You may not have heard of the Jones Act, but lately it’s become quite a topic in the Nutmeg State. In January, Gov. Ned Lamont blamed the protectionist shipping law for surging energy costs during his State of the State Address. More recently, the Connecticut House of Representatives’ Commerce Committee unanimously advanced a resolution calling for the Jones Act’s reform.
Unsurprisingly, such developments have drawn a backlash from the law’s supporters, including an op-ed from a former shipping CEO who linked these recent developments to the libertarian Cato Institute. As a Cato Institute scholar and staunch Jones Act critic, I welcome the opportunity to respond and explain why the law is so richly deserving of the scrutiny it is now receiving.

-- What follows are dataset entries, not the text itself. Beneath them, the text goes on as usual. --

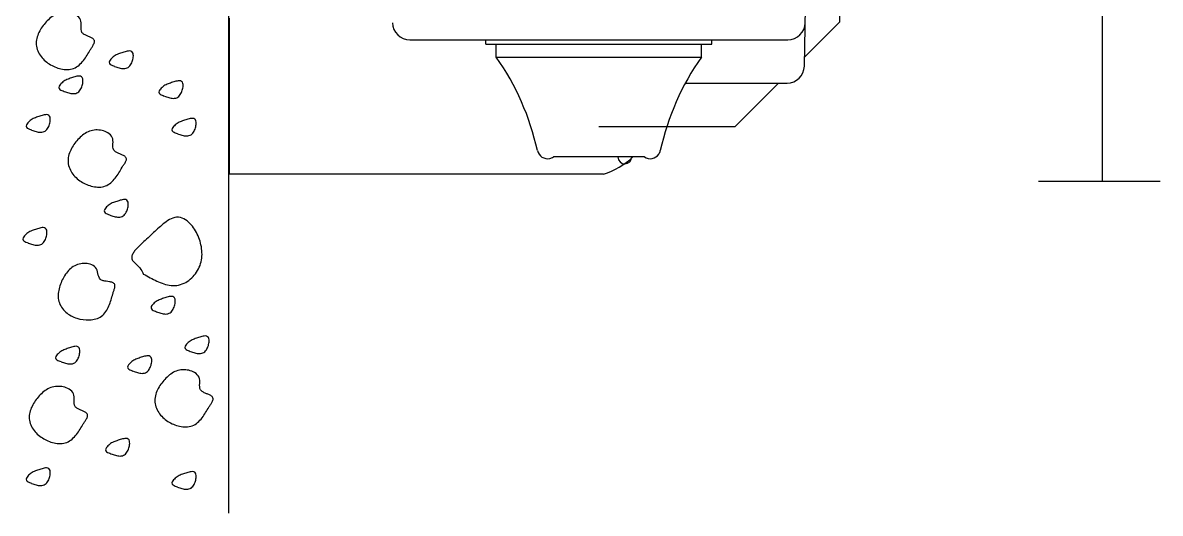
# Model space of a CAD drawing. Extents: x 0 to 172, y 0 to 108.
# Drawn here: x 2.7 to 61.2, y 0.1 to 25.4 of the extents above; entities that cross this region are included whole.
import ezdxf

# ---------------------------------------------------------------- set-up
doc = ezdxf.new("R2010")
doc.units = 0
doc.layers.add('LIVELLO_1', color=160, linetype='Continuous')

# ---------------------------------------------------------------- blocks, each defined once
blk = doc.blocks.new('AI9-BLK1')
at = {"layer": 'LIVELLO_1', "color": 7}
for p, q in [((-72.853, -54.526), (-72.853, 34.402)), ((-27.92, -23.155), (-27.92, -37.423)), ((-72.807, -37.076), (-72.807, -29.031)), ((-63.534, -30.146), (-44.097, -30.146)), ((-59.624, -30.371), (-59.63, -30.146)), ((-59.624, -30.371), (-48.006, -30.371)), ((-48.541, -31.043), (-48.541, -30.371)), ((-48.006, -30.371), (-47.997, -30.146)), ((-59.09, -31.043), (-48.541, -31.043)), ((-46.808, -34.617), (-44.575, -32.383)), ((-53.816, -34.617), (-46.808, -34.617)), ((-51.475, -36.182), (-56.155, -36.182)), ((-53.573, -37.076), (-72.807, -37.076)), ((-31.203, -37.423), (-24.939, -37.423))]:
    blk.add_line(p, q, dxfattribs=at)
blk.add_lwpolyline([(-43.234, -31.043), (-41.414, -29.222), (-40.859, 2.686)], dxfattribs=at)
for points, knots in [([(-49.37, -32.383), (-49.37, -32.383), (-44.136, -32.383), (-44.136, -32.383), (-43.648, -32.383), (-43.251, -31.991), (-43.243, -31.505), (-43.243, -31.505), (-42.663, 1.634), (-42.663, 1.634)], [0, 0, 0, 0, 1, 1, 1, 2, 2, 2, 3, 3, 3, 3]), ([(-79.974, -30.658), (-80.084, -30.845), (-80.187, -31.034), (-80.323, -31.208), (-80.459, -31.382), (-80.626, -31.541), (-80.829, -31.619), (-81.029, -31.697), (-81.263, -31.69), (-81.48, -31.644), (-81.697, -31.598), (-81.898, -31.51), (-82.082, -31.391), (-82.264, -31.275), (-82.431, -31.126), (-82.553, -30.943), (-82.675, -30.758), (-82.755, -30.539), (-82.755, -30.323), (-82.756, -30.105), (-82.68, -29.887), (-82.576, -29.693), (-82.472, -29.499), (-82.34, -29.329), (-82.186, -29.171), (-82.032, -29.015), (-81.855, -28.876), (-81.649, -28.801), (-81.447, -28.727), (-81.217, -28.717), (-81.005, -28.763), (-80.899, -28.786), (-80.797, -28.824), (-80.703, -28.885), (-80.607, -28.944), (-80.52, -29.024), (-80.478, -29.122), (-80.435, -29.218), (-80.439, -29.329), (-80.442, -29.443), (-80.45, -29.561), (-80.459, -29.679), (-80.401, -29.768), (-80.371, -29.813), (-80.327, -29.846), (-80.279, -29.876), (-80.232, -29.905), (-80.182, -29.927), (-80.134, -29.951), (-80.084, -29.97), (-80.033, -29.992), (-79.984, -30.014), (-79.934, -30.034), (-79.883, -30.054), (-79.838, -30.091), (-79.796, -30.125), (-79.76, -30.174), (-79.753, -30.225), (-79.748, -30.277), (-79.774, -30.334), (-79.799, -30.382), (-79.826, -30.431), (-79.854, -30.479), (-79.883, -30.522), (-79.913, -30.567), (-79.943, -30.613), (-79.974, -30.658)], [0, 0, 0, 0, 1, 1, 1, 2, 2, 2, 3, 3, 3, 4, 4, 4, 5, 5, 5, 6, 6, 6, 7, 7, 7, 8, 8, 8, 9, 9, 9, 10, 10, 10, 11, 11, 11, 12, 12, 12, 13, 13, 13, 14, 14, 14, 15, 15, 15, 16, 16, 16, 17, 17, 17, 18, 18, 18, 19, 19, 19, 20, 20, 20, 21, 21, 21, 22, 22, 22, 22]), ([(-56.976, -35.848), (-57.355, -34.124), (-58.074, -32.49), (-59.09, -31.043), (-59.09, -31.043), (-59.09, -30.371), (-59.09, -30.371)], [0, 0, 0, 0, 1, 1, 1, 2, 2, 2, 2]), ([(-78.722, -31.521), (-78.646, -31.547), (-78.57, -31.572), (-78.492, -31.592), (-78.414, -31.614), (-78.336, -31.632), (-78.254, -31.63), (-78.173, -31.63), (-78.089, -31.612), (-78.022, -31.568), (-77.956, -31.525), (-77.907, -31.456), (-77.868, -31.383), (-77.829, -31.313), (-77.802, -31.235), (-77.783, -31.157), (-77.774, -31.12), (-77.766, -31.079), (-77.763, -31.041), (-77.758, -30.999), (-77.756, -30.961), (-77.761, -30.919), (-77.765, -30.88), (-77.774, -30.838), (-77.794, -30.803), (-77.816, -30.769), (-77.85, -30.743), (-77.887, -30.731), (-77.926, -30.72), (-77.967, -30.721), (-78.008, -30.727), (-78.048, -30.732), (-78.087, -30.742), (-78.126, -30.75), (-78.202, -30.77), (-78.279, -30.798), (-78.355, -30.823), (-78.433, -30.847), (-78.509, -30.87), (-78.583, -30.903), (-78.656, -30.935), (-78.724, -30.977), (-78.789, -31.028), (-78.821, -31.052), (-78.851, -31.079), (-78.878, -31.108), (-78.906, -31.135), (-78.932, -31.162), (-78.956, -31.197), (-78.981, -31.231), (-79.005, -31.271), (-79.003, -31.309), (-79.001, -31.347), (-78.975, -31.385), (-78.945, -31.413), (-78.913, -31.44), (-78.876, -31.453), (-78.837, -31.467), (-78.8, -31.483), (-78.763, -31.498), (-78.726, -31.512)], [0, 0, 0, 0, 1, 1, 1, 2, 2, 2, 3, 3, 3, 4, 4, 4, 5, 5, 5, 6, 6, 6, 7, 7, 7, 8, 8, 8, 9, 9, 9, 10, 10, 10, 11, 11, 11, 12, 12, 12, 13, 13, 13, 14, 14, 14, 15, 15, 15, 16, 16, 16, 17, 17, 17, 18, 18, 18, 19, 19, 19, 20, 20, 20, 20]), ([(-81.313, -32.814), (-81.237, -32.838), (-81.16, -32.863), (-81.082, -32.887), (-81.005, -32.907), (-80.926, -32.925), (-80.845, -32.923), (-80.765, -32.923), (-80.68, -32.903), (-80.615, -32.858), (-80.548, -32.816), (-80.498, -32.747), (-80.459, -32.675), (-80.42, -32.604), (-80.392, -32.529), (-80.373, -32.45), (-80.363, -32.412), (-80.357, -32.372), (-80.353, -32.332), (-80.349, -32.292), (-80.349, -32.254), (-80.351, -32.212), (-80.355, -32.169), (-80.363, -32.131), (-80.384, -32.095), (-80.407, -32.062), (-80.44, -32.036), (-80.479, -32.024), (-80.517, -32.009), (-80.557, -32.013), (-80.598, -32.018), (-80.639, -32.026), (-80.678, -32.033), (-80.717, -32.042), (-80.793, -32.064), (-80.869, -32.089), (-80.946, -32.114), (-81.024, -32.138), (-81.1, -32.162), (-81.174, -32.194), (-81.247, -32.227), (-81.315, -32.27), (-81.38, -32.319), (-81.412, -32.345), (-81.442, -32.37), (-81.469, -32.398), (-81.497, -32.426), (-81.523, -32.455), (-81.547, -32.49), (-81.571, -32.524), (-81.596, -32.564), (-81.594, -32.602), (-81.592, -32.64), (-81.568, -32.678), (-81.536, -32.704), (-81.504, -32.731), (-81.465, -32.745), (-81.428, -32.758), (-81.391, -32.774), (-81.354, -32.789), (-81.316, -32.804)], [0, 0, 0, 0, 1, 1, 1, 2, 2, 2, 3, 3, 3, 4, 4, 4, 5, 5, 5, 6, 6, 6, 7, 7, 7, 8, 8, 8, 9, 9, 9, 10, 10, 10, 11, 11, 11, 12, 12, 12, 13, 13, 13, 14, 14, 14, 15, 15, 15, 16, 16, 16, 17, 17, 17, 18, 18, 18, 19, 19, 19, 20, 20, 20, 20]), ([(-76.163, -33.054), (-76.089, -33.081), (-76.011, -33.107), (-75.935, -33.126), (-75.857, -33.148), (-75.777, -33.164), (-75.697, -33.164), (-75.616, -33.164), (-75.532, -33.145), (-75.465, -33.101), (-75.398, -33.058), (-75.35, -32.989), (-75.311, -32.918), (-75.272, -32.845), (-75.242, -32.769), (-75.224, -32.691), (-75.215, -32.653), (-75.209, -32.613), (-75.203, -32.573), (-75.199, -32.533), (-75.199, -32.494), (-75.203, -32.453), (-75.207, -32.414), (-75.215, -32.37), (-75.237, -32.338), (-75.257, -32.303), (-75.293, -32.276), (-75.33, -32.265), (-75.369, -32.254), (-75.41, -32.254), (-75.451, -32.261), (-75.49, -32.265), (-75.53, -32.276), (-75.567, -32.285), (-75.646, -32.303), (-75.722, -32.332), (-75.798, -32.356), (-75.874, -32.381), (-75.952, -32.403), (-76.024, -32.437), (-76.097, -32.468), (-76.167, -32.51), (-76.23, -32.559), (-76.262, -32.586), (-76.294, -32.611), (-76.321, -32.64), (-76.349, -32.669), (-76.374, -32.697), (-76.397, -32.731), (-76.423, -32.765), (-76.448, -32.804), (-76.446, -32.842), (-76.443, -32.882), (-76.418, -32.919), (-76.386, -32.945), (-76.355, -32.972), (-76.317, -32.987), (-76.28, -33.001), (-76.243, -33.014), (-76.206, -33.032), (-76.169, -33.047)], [0, 0, 0, 0, 1, 1, 1, 2, 2, 2, 3, 3, 3, 4, 4, 4, 5, 5, 5, 6, 6, 6, 7, 7, 7, 8, 8, 8, 9, 9, 9, 10, 10, 10, 11, 11, 11, 12, 12, 12, 13, 13, 13, 14, 14, 14, 15, 15, 15, 16, 16, 16, 17, 17, 17, 18, 18, 18, 19, 19, 19, 20, 20, 20, 20]), ([(-82.992, -34.8), (-82.916, -34.828), (-82.84, -34.851), (-82.764, -34.873), (-82.686, -34.895), (-82.606, -34.914), (-82.524, -34.913), (-82.444, -34.911), (-82.36, -34.893), (-82.294, -34.847), (-82.227, -34.802), (-82.177, -34.737), (-82.138, -34.666), (-82.099, -34.594), (-82.071, -34.517), (-82.052, -34.439), (-82.043, -34.399), (-82.035, -34.36), (-82.032, -34.32), (-82.028, -34.281), (-82.028, -34.24), (-82.032, -34.2), (-82.035, -34.158), (-82.043, -34.118), (-82.065, -34.084), (-82.085, -34.051), (-82.121, -34.022), (-82.158, -34.012), (-82.197, -33.998), (-82.238, -34.002), (-82.277, -34.006), (-82.317, -34.012), (-82.356, -34.019), (-82.395, -34.03), (-82.473, -34.051), (-82.55, -34.077), (-82.626, -34.102), (-82.702, -34.127), (-82.78, -34.149), (-82.852, -34.182), (-82.925, -34.214), (-82.996, -34.256), (-83.058, -34.307), (-83.09, -34.331), (-83.122, -34.36), (-83.15, -34.387), (-83.178, -34.414), (-83.201, -34.445), (-83.226, -34.477), (-83.251, -34.514), (-83.274, -34.55), (-83.274, -34.592), (-83.272, -34.628), (-83.246, -34.666), (-83.214, -34.693), (-83.184, -34.718), (-83.146, -34.733), (-83.107, -34.749), (-83.072, -34.762), (-83.035, -34.776), (-82.998, -34.791)], [0, 0, 0, 0, 1, 1, 1, 2, 2, 2, 3, 3, 3, 4, 4, 4, 5, 5, 5, 6, 6, 6, 7, 7, 7, 8, 8, 8, 9, 9, 9, 10, 10, 10, 11, 11, 11, 12, 12, 12, 13, 13, 13, 14, 14, 14, 15, 15, 15, 16, 16, 16, 17, 17, 17, 18, 18, 18, 19, 19, 19, 20, 20, 20, 20]), ([(-75.49, -34.993), (-75.413, -35.016), (-75.337, -35.043), (-75.261, -35.063), (-75.183, -35.085), (-75.105, -35.103), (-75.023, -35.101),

Passed in 1920, the Jones Act increases shipping costs by restricting domestic water transportation to vessels built and registered in the United States. U.S.-built ships are at least four times more expensive than those constructed abroad and over four times costlier to operate. There also aren’t that many of them. Fewer than 100 ships — less than 1% of the global fleet — meet the 1920 law’s requirements and are available to serve the world’s largest economy.
All of this makes for some pricey shipping.
According to the CEO of one company that operates Jones Act-compliant tankers, such vessels are three to four times costlier than their internationally flagged counterparts. A 2012 Federal Reserve Bank of New York report, meanwhile, noted that Jones Act container shipping to Puerto Rico was twice the cost of shipping to nearby islands.
Recalling his days in the dry bulk shipping industry, state Sen. Ryan Fazio testified at a recent hearing that Jones Act-compliant shipping was five to 10 times more expensive than internationally flagged vessels, and also much less available (no surprise given their limited numbers).
Sometimes the Jones Act makes domestic transportation flatly impossible. Though the United States is the world’s leading exporter of liquefied natural gas, New England relies entirely on foreign sources for its LNG needs. The reason? No Jones Act-compliant LNG tankers exist to transport it.
Incredibly, American LNG can be sent to other countries but not to New England. That LNG is exported relatively short distances away from terminals in Georgia and Maryland further compounds the absurdity.
This isn’t just a matter of bizarre optics. New England’s inability to access American LNG has real costs for the region’s households.
According to the commissioner of Connecticut’s Department of Economic and Community Development, experts believe the Jones Act increases the cost of New England’s LNG imports by 10–30%. The CEO of ISO New England, meanwhile, highlighted the Jones Act’s contributions to regional energy struggles in congressional testimony last month.
Other examples of the Jones Act blocking domestic commerce abound. Hawaii, Puerto Rico, and New England all import liquified petroleum gas (basically, propane) from far-flung countries rather than U.S. sources due to a similar lack of appropriate Jones Act-compliant ships. East Coast refineries purchase oil from the Middle East and Africa instead of the Gulf Coast due to costly intra‑U.S. shipping. Similar dynamics are found with lumber and steel.
The law is fundamentally a barrier to Americans trading and doing business with each other. Expensive (and sometimes unavailable) transportation in a country as large as the United States is no small matter.
Water transport is typically an efficient means of moving cargo over long distances, but the Jones Act (along with inefficient ports) makes it so costly that ships account for just 2% of domestic freight movement. That means more pollution and highway congestion in Connecticut and elsewhere due to increased demand for trucking and rail.
So why does the Jones Act remain in place? Supporters of the law argue that it ensures the United States has robust shipping and shipbuilding industries. The facts prove otherwise. As of 2023, U.S. commercial shipbuilding accounted for a mere 0.1%, and a recent government report described the heavily protected sector as in a state of “near total collapse.”
The domestic shipping industry is similarly depressed, with the number of oceangoing ships having more than halved since 1980. Forcing Americans to pay outrageous prices for new ships hasn’t proven conducive to a thriving merchant marine.
Whether viewed from the prism of economics or national security, the Jones Act has proven an utter failure. Protectionism isn’t working. It’s time to move on.
Reforming the law will be no easy task, given the entrenched special interests dedicated to its preservation. But the Jones Act has clearly outlived any usefulness it might have once had, and recognizing and calling out this obvious truth is long overdue. Let’s hope that Connecticut policymakers maintain their courage and continue to speak up.